Ranibizumab for Diabetic Traction Retinal Detachment (RANITRA)

September 13, 2010 updated by: University of Sao Paulo

The Effect of Intravitreous Ranibizumab on Intra-Operative Bleeding During Pars Plana Vitrectomy for Diabetic Traction Retinal Detachment

The purpose of this study was to assess the effect of ranibizumab in reducing intraoperative vitreous haemorrhage during pars plana vitrectomy, thus facilitating surgery and improving its anatomical and functional results in patients with advanced proliferative diabetic retinopathy and traction retinal detachment.

Study Overview

Status

Completed

Conditions

Intervention / Treatment

Study Type

Interventional

Enrollment (Actual)

19

Phase

  • Phase 2

Contacts and Locations

This section provides the contact details for those conducting the study, and information on where this study is being conducted.

Study Locations

  • Brazil
    • Sao Paulo
      • Ribeirao Preto, Sao Paulo, Brazil, 14048-900
        • University of Sao Paulo

Participation Criteria

Researchers look for people who fit a certain description, called eligibility criteria. Some examples of these criteria are a person's general health condition or prior treatments.

Eligibility Criteria

Ages Eligible for Study

18 years to 80 years (Adult, Older Adult)

Accepts Healthy Volunteers

No

Genders Eligible for Study

All

Description

Inclusion Criteria:

  • Macular traction retinal detachment lasting three months or less secondary to diabetic retinopathy.

Exclusion Criteria:

  • Massive vitreous hemorrhage preventing from detailed posterior pole examination;
  • Previous intra-ocular surgery other than cataract surgery
  • Hemodialysis, known bleeding disorders or use of anticoagulants drugs other than aspirin
  • Prothrombin time, partial thromboplastin time or platelet count without normal limits
  • History of previous thromboembolic events

Study Plan

This section provides details of the study plan, including how the study is designed and what the study is measuring.

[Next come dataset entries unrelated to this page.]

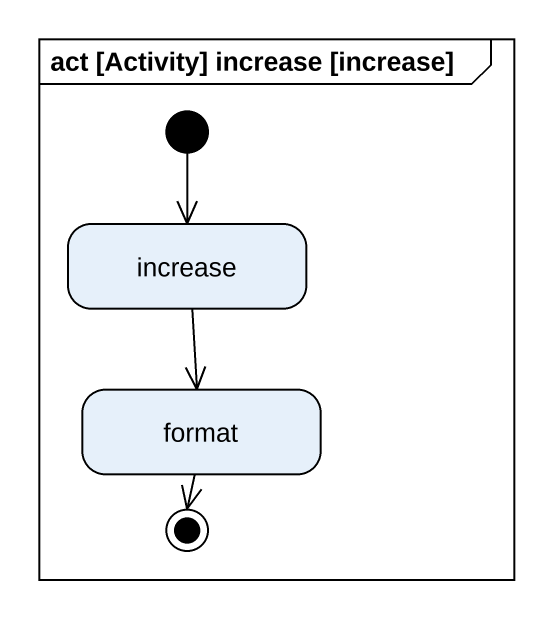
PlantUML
@startuml
mainframe act [Activity] increase [increase]
hide empty description
state increase
state format
[*] --> increase
increase --> format
format --> [*]
@enduml
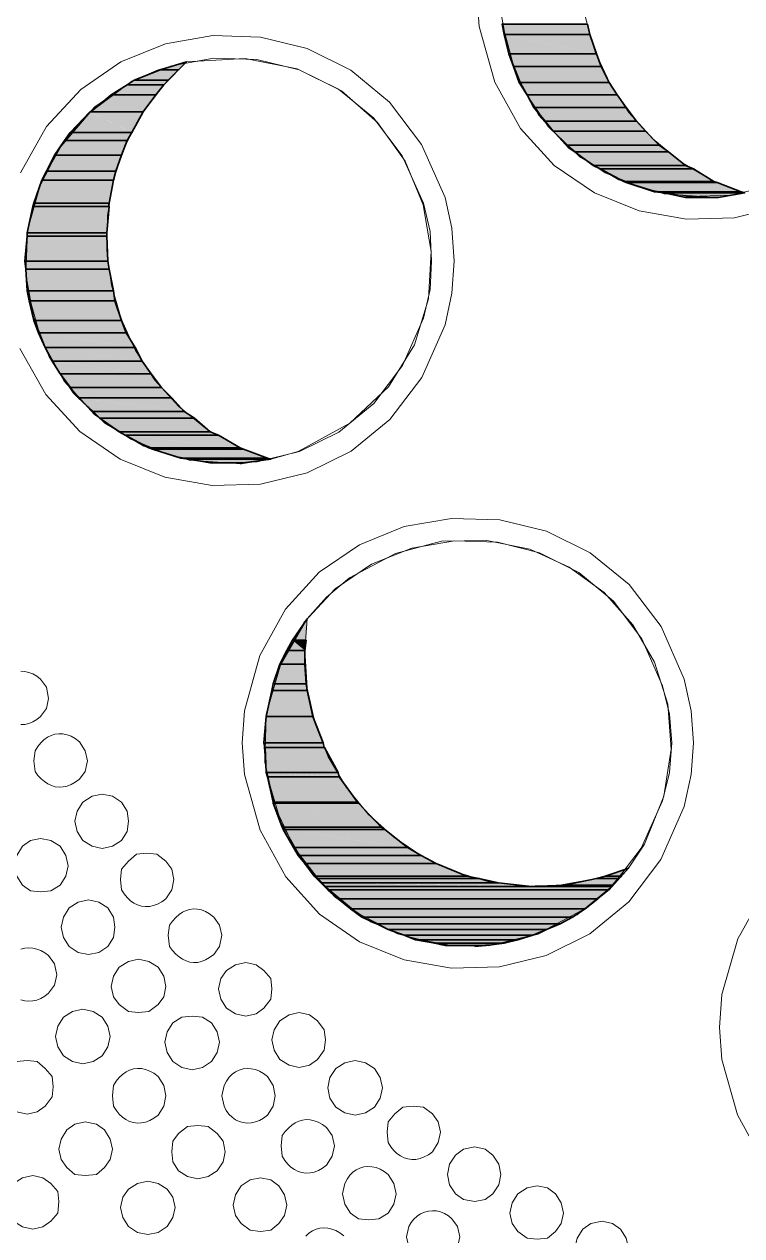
# Model space of a CAD drawing. Extents: x 0 to 247, y -13 to 225.
# Drawn here: x 52.93 to 65.15, y 113.28 to 133.93 of the extents above; entities that cross this region are included whole.
import ezdxf

# ---------------------------------------------------------------- set-up
doc = ezdxf.new("R2010")
doc.units = 0
doc.layers.add('FILL', color=8, linetype='Continuous')
doc.layers.add('GEOMETRY', color=7, linetype='Continuous')

msp = doc.modelspace()

# ---------------------------------------------------------------- hatches: boundary and pattern name
at = {"layer": 'FILL'}
for points in [[(61.109, 133.751), (62.564, 133.751), (61.07, 133.927)], [(61.07, 133.926), (62.564, 133.75), (62.524, 133.926)], [(61.109, 133.751), (62.679, 133.422), (62.564, 133.751)], [(61.185, 133.421), (62.679, 133.421), (61.109, 133.75)], [(61.185, 133.421), (62.756, 133.207), (62.679, 133.421)], [(61.263, 133.207), (62.757, 133.207), (61.186, 133.421)], [(54.805, 132.975), (55.386, 132.975), (55.25, 133.149)], [(55.25, 133.149), (55.559, 133.149), (55.696, 133.285)], [(55.25, 133.149), (55.386, 132.975), (55.56, 133.149)], [(61.363, 132.936), (62.894, 132.936), (61.264, 133.207)], [(61.264, 133.207), (62.894, 132.936), (62.758, 133.207)], [(54.688, 132.895), (55.308, 132.895), (54.805, 132.975)], [(54.805, 132.975), (55.308, 132.895), (55.385, 132.975)], [(61.497, 132.722), (63.029, 132.722), (61.362, 132.935)], [(61.362, 132.935), (63.029, 132.722), (62.893, 132.935)], [(54.417, 132.722), (55.173, 132.722), (54.688, 132.895)], [(54.688, 132.895), (55.173, 132.722), (55.308, 132.895)], [(54.066, 132.431), (54.958, 132.431), (54.415, 132.723)], [(54.416, 132.722), (54.959, 132.43), (55.173, 132.722)], [(61.613, 132.508), (63.183, 132.508), (61.497, 132.722)], [(61.497, 132.722), (63.184, 132.508), (63.029, 132.722)], [(53.717, 132.08), (54.765, 132.08), (54.047, 132.43)], [(54.047, 132.431), (54.068, 132.431), (54.96, 132.431)], [(54.048, 132.431), (54.765, 132.081), (54.959, 132.431)], [(54.067, 132.431), (54.959, 132.431)], [(61.806, 132.277), (63.36, 132.277), (61.613, 132.508)], [(61.613, 132.508), (63.36, 132.277), (63.184, 132.508)], [(61.943, 132.101), (63.514, 132.101), (61.806, 132.277)], [(61.806, 132.277), (63.514, 132.101), (63.359, 132.277)], [(53.445, 131.693), (54.591, 131.693), (53.62, 131.947)], [(53.619, 131.946), (54.687, 131.946), (53.717, 132.082)], [(53.62, 131.946), (54.591, 131.693), (54.686, 131.946)], [(53.717, 132.082), (54.687, 131.946), (54.765, 132.082)], [(61.943, 132.102), (63.747, 131.868), (63.513, 132.102)], [(62.175, 131.868), (63.747, 131.868), (61.944, 132.102)], [(53.31, 131.423), (54.494, 131.423), (53.447, 131.693)], [(53.446, 131.693), (54.494, 131.423), (54.591, 131.693)], [(62.312, 131.754), (63.903, 131.754), (62.175, 131.867)], [(62.176, 131.867), (63.904, 131.754), (63.747, 131.867)], [(62.622, 131.519), (64.194, 131.519), (62.312, 131.753)], [(62.312, 131.753), (64.194, 131.519), (63.903, 131.753)], [(62.739, 131.462), (64.329, 131.462), (62.622, 131.519)], [(62.622, 131.519), (64.329, 131.462), (64.194, 131.519)], [(53.233, 131.268), (54.455, 131.268), (53.31, 131.425)], [(53.31, 131.424), (54.455, 131.267), (54.494, 131.424)], [(63.146, 131.246), (64.678, 131.246), (62.739, 131.462)], [(62.739, 131.462), (64.678, 131.246), (64.329, 131.462)], [(53.096, 130.878), (54.377, 130.878), (53.233, 131.268)], [(53.233, 131.268), (54.377, 130.878), (54.455, 131.268)], [(63.184, 131.227), (64.736, 131.227), (63.146, 131.246)], [(63.147, 131.246), (64.736, 131.227), (64.679, 131.246)], [(63.669, 131.072), (65.143, 131.072), (63.184, 131.229)], [(63.184, 131.228), (65.143, 131.072), (64.736, 131.228)], [(53.077, 130.818), (54.376, 130.818), (53.096, 130.878)], [(53.096, 130.878), (54.376, 130.818), (54.376, 130.878)], [(63.824, 131.054), (65.202, 131.054), (63.669, 131.073)], [(63.669, 131.072), (65.202, 131.053), (65.143, 131.072)], [(63.825, 131.054), (64.756, 130.977), (65.203, 131.054)], [(64.194, 130.976), (64.756, 130.976), (63.825, 131.053)], [(64.194, 130.976), (64.698, 130.976), (64.756, 130.976)], [(52.981, 130.373), (54.339, 130.373), (53.077, 130.819)], [(53.077, 130.819), (54.339, 130.373), (54.377, 130.819)], [(52.942, 129.891), (54.358, 129.891), (52.981, 130.316)], [(52.981, 130.316), (54.338, 130.316), (52.981, 130.375)], [(52.981, 130.374), (54.338, 130.315), (54.338, 130.374)], [(52.981, 130.316), (54.358, 129.891), (54.338, 130.316)], [(52.961, 129.755), (54.377, 129.755), (52.942, 129.891)], [(52.942, 129.891), (54.377, 129.755), (54.358, 129.891)], [(52.982, 129.386), (54.454, 129.386), (52.96, 129.755)], [(52.96, 129.755), (54.454, 129.386), (54.377, 129.755)], [(53.018, 129.211), (54.473, 129.211), (52.981, 129.386)], [(52.981, 129.386), (54.473, 129.211), (54.455, 129.386)], [(53.096, 128.881), (54.59, 128.881), (53.018, 129.211)], [(53.018, 129.211), (54.59, 128.881), (54.473, 129.211)], [(53.096, 128.881), (54.667, 128.667), (54.59, 128.881)], [(53.175, 128.667), (54.668, 128.667), (53.097, 128.881)], [(53.175, 128.667), (54.824, 128.418), (54.668, 128.667)], [(53.291, 128.417), (54.824, 128.417), (53.175, 128.666)], [(53.408, 128.183), (54.94, 128.183), (53.291, 128.417)], [(53.291, 128.417), (54.94, 128.184), (54.824, 128.417)], [(53.408, 128.183), (55.095, 127.971), (54.94, 128.183)], [(53.543, 127.97), (55.095, 127.97), (53.408, 128.182)], [(53.717, 127.737), (55.269, 127.737), (53.542, 127.97)], [(53.543, 127.97), (55.269, 127.737), (55.095, 127.97)], [(53.853, 127.561), (55.445, 127.561), (53.717, 127.737)], [(53.717, 127.736), (55.445, 127.56), (55.269, 127.736)], [(53.853, 127.561), (55.658, 127.329), (55.445, 127.561)], [(54.106, 127.328), (55.659, 127.328), (53.853, 127.56)], [(54.221, 127.212), (55.832, 127.212), (54.106, 127.328)], [(54.106, 127.328), (55.832, 127.212), (55.658, 127.328)], [(54.221, 127.212), (56.102, 126.979), (55.831, 127.212)], [(54.552, 126.979), (56.103, 126.979), (54.222, 127.212)], [(54.65, 126.922), (56.239, 126.922), (54.552, 126.979)], [(54.552, 126.978), (56.239, 126.921), (56.103, 126.978)], [(55.056, 126.708), (56.608, 126.708), (54.648, 126.921)], [(54.649, 126.922), (56.608, 126.709), (56.24, 126.922)], [(55.115, 126.688), (56.666, 126.688), (55.056, 126.709)], [(55.056, 126.708), (56.665, 126.687), (56.608, 126.708)], [(55.598, 126.534), (57.074, 126.534), (55.115, 126.688)], [(55.115, 126.688), (57.074, 126.534), (56.666, 126.688)], [(55.735, 126.515), (57.132, 126.515), (55.598, 126.534)], [(55.598, 126.534), (57.132, 126.515), (57.074, 126.534)], [(56.102, 126.455), (56.665, 126.455), (55.735, 126.515)], [(55.735, 126.515), (56.666, 126.455), (57.132, 126.515)], [(56.103, 126.455), (56.608, 126.435), (56.665, 126.455)], [(57.501, 123.431), (57.732, 123.431), (57.753, 123.796)], [(57.287, 123.022), (57.715, 123.022), (57.404, 123.254)], [(57.404, 123.254), (57.714, 123.254), (57.501, 123.43)], [(57.404, 123.254), (57.715, 123.022), (57.715, 123.254)], [(57.501, 123.431), (57.713, 123.255), (57.733, 123.431)], [(57.171, 122.69), (57.733, 122.69), (57.287, 123.022)], [(57.287, 123.022), (57.733, 122.69), (57.715, 123.022)], [(57.152, 122.576), (57.753, 122.576), (57.171, 122.689)], [(57.171, 122.69), (57.753, 122.577), (57.733, 122.69)], [(57.054, 122.129), (57.85, 122.129), (57.152, 122.576)], [(57.152, 122.576), (57.849, 122.129), (57.753, 122.576)], [(57.016, 121.685), (58.026, 121.685), (57.055, 122.129)], [(57.055, 122.129), (57.85, 122.129)], [(57.055, 122.129), (57.85, 122.129)], [(57.055, 122.129), (58.026, 121.685), (57.85, 122.129)], [(57.036, 121.604), (58.043, 121.604), (57.014, 121.685)], [(57.015, 121.685), (58.044, 121.604), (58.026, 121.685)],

How is the study designed?

Design Details

  • Primary Purpose: Treatment
  • Allocation: Randomized
  • Interventional Model: Parallel Assignment
  • Masking: Triple

Arms and Interventions

Participant Group / Arm
Intervention / Treatment
Experimental: RANI/PPV
Preoperative intravitreal ranibizumab and pars plana vitrectomy
Drug: Ranibizumab
Intravitreal injection of ranibizumab 0.05 ml (0.5 mg) one week before pars plana vitrectomy
Other Names:
  • Lucentis
Placebo Comparator: PPV
Sham injection and pars plana vitrectomy
Other: Sham injection
Simulation of intravitreal injection one week before pars plana vitrectomy

What is the study measuring?

Primary Outcome Measures

Outcome Measure
Measure Description
Time Frame
amount of intraoperative intra-ocular bleeding
Time Frame: one week
amount of intra-ocular bleeding that occurred during pars plana vitrectomy
one week

Secondary Outcome Measures

Outcome Measure
Measure Description
Time Frame
visual acuity
Time Frame: 12 weeks
ETDRS best corrected visual acuity at 12 weeks after pars plana vitrectomy
12 weeks

Collaborators and Investigators

This is where you will find people and organizations involved with this study.

Sponsor

University of Sao Paulo

Investigators

  • Principal Investigator: Rodrigo Jorge, MD, PhD, University of Sao Paulo

Study record dates

These dates track the progress of study record and summary results submissions to ClinicalTrials.gov. Study records and reported results are reviewed by the National Library of Medicine (NLM) to make sure they meet specific quality control standards before being posted on the public website.

Study Major Dates

Study Start

December 1, 2008

Primary Completion (Actual)

January 1, 2010

Study Completion (Actual)

January 1, 2010

Study Registration Dates

First Submitted

September 13, 2010

First Submitted That Met QC Criteria

September 13, 2010

First Posted (Estimate)

September 14, 2010

Study Record Updates

Last Update Posted (Estimate)

September 14, 2010

Last Update Submitted That Met QC Criteria

September 13, 2010

Last Verified

January 1, 2010

More Information

Terms related to this study

Keywords

Additional Relevant MeSH Terms

Other Study ID Numbers

  • RANITRA

This information was retrieved directly from the website clinicaltrials.gov without any changes. If you have any requests to change, remove or update your study details, please contact register@clinicaltrials.gov. As soon as a change is implemented on clinicaltrials.gov, this will be updated automatically on our website as well.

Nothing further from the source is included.